Prompt:
Lines with "from": how many are there in the listing below? Reply with the number only.

Material to process:

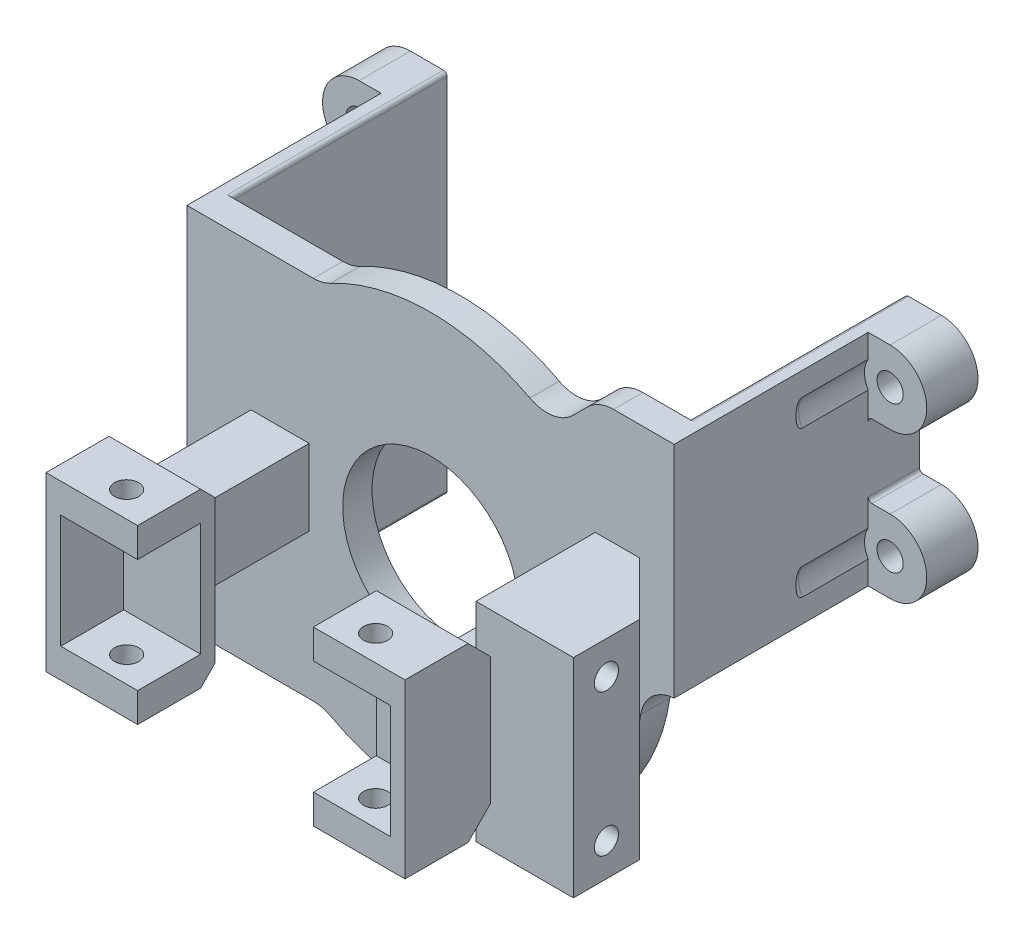
SolidWorks part; units mm, degrees
ref_plane "Front Plane" through (0, 0, 0) normal (0, 0, 1) x (1, 0, 0)
ref_plane "Top Plane" through (0, 0, 0) normal (0, 1, 0) x (1, 0, 0)
ref_plane "Right Plane" through (0, 0, 0) normal (1, 0, 0) x (0, 0, -1)
sketch "Sketch1" plane through (0, 0, 0) normal (0, 0, 1) x (1, 0, 0)
  line L22 (36.25, 10.0017) -> (33.76, 10.0017)
  line L27 (33.26, 19.5) -> (33.26, 10.5017)
  line L33 (-36.25, 15) -> (-33.76, 15)
  line L35 (-36.25, -15) -> (-33.76, -15)
  line L40 (36.25, 20) -> (33.76, 20)
  line L50 (-33.26, -14.5) -> (-33.26, 14.5)
  line L56 (36.25, 0.0017) -> (33.6306, 0.0017)
  line L57 (-36.25, -25) -> (-16, -25)
  line L60 (-36.25, 25) -> (-16, 25)
  line L65 (19.4427, 26.5138) -> (21.4645, 28.5355)
  line L66 (36.25, 30) -> (25, 30)
  circle A3 centre (-36.25, 20) radius 1.79
  circle A4 centre (-36.25, -20) radius 1.79
  arc A7 (-36.25, 25) -> (-36.25, 15) centre (-36.25, 20) ccw
  arc A8 (-36.25, -15) -> (-36.25, -25) centre (-36.25, -20) ccw
  arc A9 (36.25, 20) -> (36.25, 30) centre (36.25, 25) ccw
  arc A23 (33.76, 20) -> (33.26, 19.5) centre (33.76, 19.5) ccw
  arc A28 (-33.76, -15) -> (-33.26, -14.5) centre (-33.76, -14.5) ccw
  arc A29 (-33.76, 15) -> (-33.26, 14.5) centre (-33.76, 14.5) cw
  arc A35 (33.76, 10.0017) -> (33.26, 10.5017) centre (33.76, 10.5017) cw
  circle A36 centre (36.25, 5.0017) radius 1.79
  circle A37 centre (0, 0) radius 12
  circle A53 centre (36.25, 25) radius 1.79
  arc A54 (13.5679, 25.6303) -> (-13.6471, 25.5882) centre (0, 0) ccw
  arc A55 (36.25, 0.0017) -> (36.25, 10.0017) centre (36.25, 5.0017) ccw
  arc A56 (-13.6471, -25.5882) -> (28.6849, -4.2633) centre (0, 0) ccw
  arc A57 (-16, 25) -> (-13.6471, 25.5882) centre (-16, 30) ccw
  arc A58 (-13.6471, -25.5882) -> (-16, -25) centre (-16, -30) ccw
  arc A59 (33.6306, 0.0017) -> (28.6849, -4.2633) centre (33.6306, -4.9983) ccw
  arc A63 (19.4427, 26.5138) -> (13.5679, 25.6303) centre (15.9072, 30.0493) cw
  arc A64 (25, 30) -> (21.4645, 28.5355) centre (25, 25) ccw
extrude "Boss-Extrude1" add sketch "Sketch1" along normal blind 61.5
sketch "Sketch2" plane through (0, 0, 0) normal (0, 0, 1) x (1, 0, 0)
  line L9 (31.25, 30) -> (-31.25, 30)
  line L10 (31.25, 29.5) -> (31.25, 0.5017)
  line L14 (-31.25, -30) -> (31.25, -30)
  line L15 (31.25, -30) -> (31.25, -0.6014)
  line L16 (33.6306, 0.0017) -> (31.75, 0.0017)
  line L55 (31.75, 30) -> (31.25, 30)
  line L59 (-31.25, 25) -> (-31.75, 25)
  line L62 (-31.25, -25) -> (-31.75, -25)
  line L63 (-31.25, 30) -> (-31.25, 25)
  line L64 (-31.25, 24.5) -> (-31.25, -24.5)
  line L65 (-31.25, -25) -> (-31.25, -30)
  arc A13 (31.75, 30) -> (31.25, 29.5) centre (31.75, 29.5) ccw
  arc A18 (31.75, 0.0017) -> (31.25, 0.5017) centre (31.75, 0.5017) cw
  arc A19 (33.6306, 0.0017) -> (31.25, -0.6014) centre (33.6306, -4.9983) ccw
  arc A20 (-31.25, 24.5) -> (-31.75, 25) centre (-31.75, 24.5) ccw
  arc A21 (-31.75, -25) -> (-31.25, -24.5) centre (-31.75, -24.5) ccw
extrude "Cut-Extrude1" cut sketch "Sketch2" along normal blind 29.5
sketch "Sketch3" plane through (0, 0, 61.5) normal (0, 0, 1) x (1, 0, 0)
  line L16 (36.25, 10.0017) -> (33.76, 10.0017)
  line L18 (33.26, 30) -> (36.25, 30)
  line L19 (36.25, 20) -> (33.76, 20)
  line L24 (-33.76, -15) -> (-36.25, -15)
  line L29 (-36.25, 15) -> (-33.76, 15)
  line L30 (-33.26, 14.5) -> (-33.26, 25)
  line L31 (-33.26, -25) -> (-33.26, -14.5)
  line L32 (33.26, 10.5017) -> (33.26, -0.0121)
  line L33 (33.26, 19.5) -> (33.26, 30)
  line L34 (36.25, 0.0017) -> (33.6306, 0.0017)
  line L35 (-36.25, 25) -> (-33.26, 25)
  line L37 (-36.25, -25) -> (-33.26, -25)
  arc A15 (33.26, 10.5017) -> (33.76, 10.0017) centre (33.76, 10.5017) ccw
  arc A18 (36.25, 20) -> (36.25, 30) centre (36.25, 25) ccw
  arc A20 (33.76, 20) -> (33.26, 19.5) centre (33.76, 19.5) ccw
  arc A22 (-36.25, -15) -> (-36.25, -25) centre (-36.25, -20) ccw
  arc A23 (-33.76, -15) -> (-33.26, -14.5) centre (-33.76, -14.5) ccw
  arc A25 (-33.26, 14.5) -> (-33.76, 15) centre (-33.76, 14.5) ccw
  arc A26 (-36.25, 25) -> (-36.25, 15) centre (-36.25, 20) ccw
  arc A28 (36.25, 0.0017) -> (36.25, 10.0017) centre (36.25, 5.0017) ccw
  arc A29 (33.6306, 0.0017) -> (33.26, -0.0121) centre (33.6306, -4.9983) ccw
extrude "Cut-Extrude2" cut sketch "Sketch3" against normal offset from surface (54.5 mm away) 7 up to face at (38.04, 25, 0)
sketch "Sketch4" plane through (0, 0, 61.5) normal (0, 0, 1) x (1, 0, 0)
  line L1 (-12, 11.77) -> (-24.51, 11.77)
  line L2 (-22.5, -7.75) -> (-12, -7.75)
  line L4 (-22.5, 7.75) -> (-12, 7.75)
  line L5 (-12, -11.77) -> (-24.51, -11.77)
  line L6 (12, -11.77) -> (24.51, -11.77)
  line L11 (12, -11.77) -> (12, -7.75)
  line L13 (12, 7.75) -> (12, 11.77)
  line L14 (-22.5, -7.75) -> (-22.5, 7.75)
  line L15 (-12, 7.75) -> (-12, 11.77)
  line L16 (-12, -11.77) -> (-12, -7.75)
  line L24 (12, -7.75) -> (22.5, -7.75)
  line L26 (12, 7.75) -> (22.5, 7.75)
  line L27 (-24.51, -11.77) -> (-24.51, 11.77)
  line L30 (24.51, -11.77) -> (24.51, 11.77)
  line L32 (22.5, -7.75) -> (22.5, 7.75)
  line L35 (24.51, 11.77) -> (12, 11.77)
extrude "Cut-Extrude3" cut sketch "Sketch4" against normal blind 8.6 flip side to cut
sketch "Sketch5" plane through (0, 11.77, 0) normal (0, 1, 0) x (1, 0, 0)
  circle A2 centre (17, -58) radius 1.65
  circle A3 centre (-17, -58) radius 1.65
extrude "Cut-Extrude4" cut sketch "Sketch5" against normal up to surface (23.54 mm away) up to face at (-18.255, -11.77, 57.2)
sketch "Sketch15" plane through (0, 0, 52.9) normal (0, 0, 1) x (1, 0, 0)
  line L1 (-41.25, -29) -> (41.25, -29)
  line L2 (-41.25, -29) -> (-41.25, 30)
  line L3 (-41.25, 30) -> (41.25, 30)
  line L4 (41.25, -29) -> (41.25, 30)
extrude "Cut-Extrude7" cut sketch "Sketch15" against normal offset from surface (19.4 mm away) 4 up to face at (12, 0, 29.5)
sketch "Sketch10" plane through (0, 0, 0) normal (0, 1, 0) x (1, 0, 0)
  line L3 (24.51, -29.5) -> (35.81, -40.8)
  line L5 (35.81, -49.8) -> (35.81, -40.8)
  line L8 (22.5, -49.8) -> (22.5, -29.5)
  line L9 (22.5, -49.8) -> (35.81, -49.8)
  line L10 (22.5, -29.5) -> (24.51, -29.5)
extrude "Boss-Extrude5" add sketch "Sketch10" along normal mid plane 28.42
sketch "Sketch8" plane through (0, 0, 7) normal (0, 0, 1) x (1, 0, 0)
  circle A0 centre (36.25, 5.0017) radius 3.5
  circle A1 centre (36.25, 25) radius 3.5
  circle A2 centre (-36.25, 20) radius 3.5
  circle A3 centre (-36.25, -20) radius 3.5
sketch "Sketch13" plane through (35.81, 0, 0) normal (1, 0, 0) x (0, 0, -1)
  circle A0 centre (-45.3, 9.7) radius 1.65
  circle A1 centre (-45.3, -9.7) radius 1.65
extrude "Cut-Extrude8" cut sketch "Sketch13" against normal up to surface (13.31 mm away) up to face at (22.5, 0, 41.65)
sketch "Sketch16" plane through (22.5, 0, 0) normal (-1, 0, 0) x (0, 0, 1)
  line L1 (48.6486, 9.7) -> (46.9743, 12.6)
  line L2 (46.9743, 12.6) -> (43.6257, 12.6)
  line L3 (43.6257, 12.6) -> (41.9514, 9.7)
  line L4 (41.9514, 9.7) -> (43.6257, 6.8)
  line L5 (43.6257, 6.8) -> (46.9743, 6.8)
  line L6 (46.9743, 6.8) -> (48.6486, 9.7)
  line L7 (48.6486, -9.7) -> (46.9743, -6.8)
  line L8 (46.9743, -6.8) -> (43.6257, -6.8)
  line L9 (43.6257, -6.8) -> (41.9514, -9.7)
  line L10 (41.9514, -9.7) -> (43.6257, -12.6)
  line L11 (43.6257, -12.6) -> (46.9743, -12.6)
  line L12 (46.9743, -12.6) -> (48.6486, -9.7)
extrude "Cut-Extrude9" cut sketch "Sketch16" against normal offset from surface (10.31 mm away) 3 up to face at (35.81, 9.7, 43.65)
sketch "Sketch18" plane through (24.51, 0, 0) normal (1, 0, 0) x (0, 0, -1)
  line L0 (-52.9, 11.77) -> (-46.32, 5.19)
  line L2 (-46.32, 5.19) -> (-33.5, 5.19)
  line L4 (-33.5, 5.19) -> (-33.5, -5.19)
  line L6 (-33.5, -5.19) -> (-46.32, -5.19)
  line L8 (-46.32, -5.19) -> (-52.9, -11.77)
  line L9 (-52.9, -11.77) -> (-52.9, 11.77)
extrude "Boss-Extrude6" add sketch "Sketch18" against normal up to surface (12.51 mm away) up to face at (12, 9.76, 57.2)
extrude "Boss-Extrude7" add sketch "Sketch18<2>" along normal up to surface (-36.51 mm away) from surface up to face at (-12, 9.76, 57.2) starting at face at (-24.51, 0, 57.2)
sketch "Sketch18<2>" plane through (24.51, 0, 0) normal (1, 0, 0) x (0, 0, -1) same geometry as "Sketch18"
sketch "Sketch19" plane through (0, 0, 0) normal (0, 1, 0) x (1, 0, 0)
  line L8 (-16.58, -33.5) -> (16.58, -33.5)
  line L20 (12, -50.9) -> (-12, -50.9)
  line L22 (-12, -50.9) -> (-16.58, -46.32)
  line L24 (-16.58, -46.32) -> (-16.58, -33.5)
  line L26 (12, -50.9) -> (16.58, -46.32)
  line L28 (16.58, -46.32) -> (16.58, -33.5)
extrude "Cut-Extrude10" cut sketch "Sketch19" along normal up to surface (11.77 mm away) from surface up to face at (17, 11.77, 59.65) starting at face at (17, -11.77, 56.35)
extrude "Cut-Extrude11" cut sketch "Sketch8" along normal blind 10
fillet "Fillet2" radius 1 4 edges at (-32.75, -20, 17) (-32.75, 20, 17) (32.75, 25, 17) (32.75, 5.0017, 17)
sketch "Sketch20" plane through (-33.26, 0, 0) normal (-1, 0, 0) x (0, 0, 1)
  circle A0 centre (14, 0) radius 4
extrude "Cut-Extrude12" cut sketch "Sketch20" against normal up to surface (2.01 mm away) contours A0 up to face at (-31.25, 0, 14.75)

Answer section:
5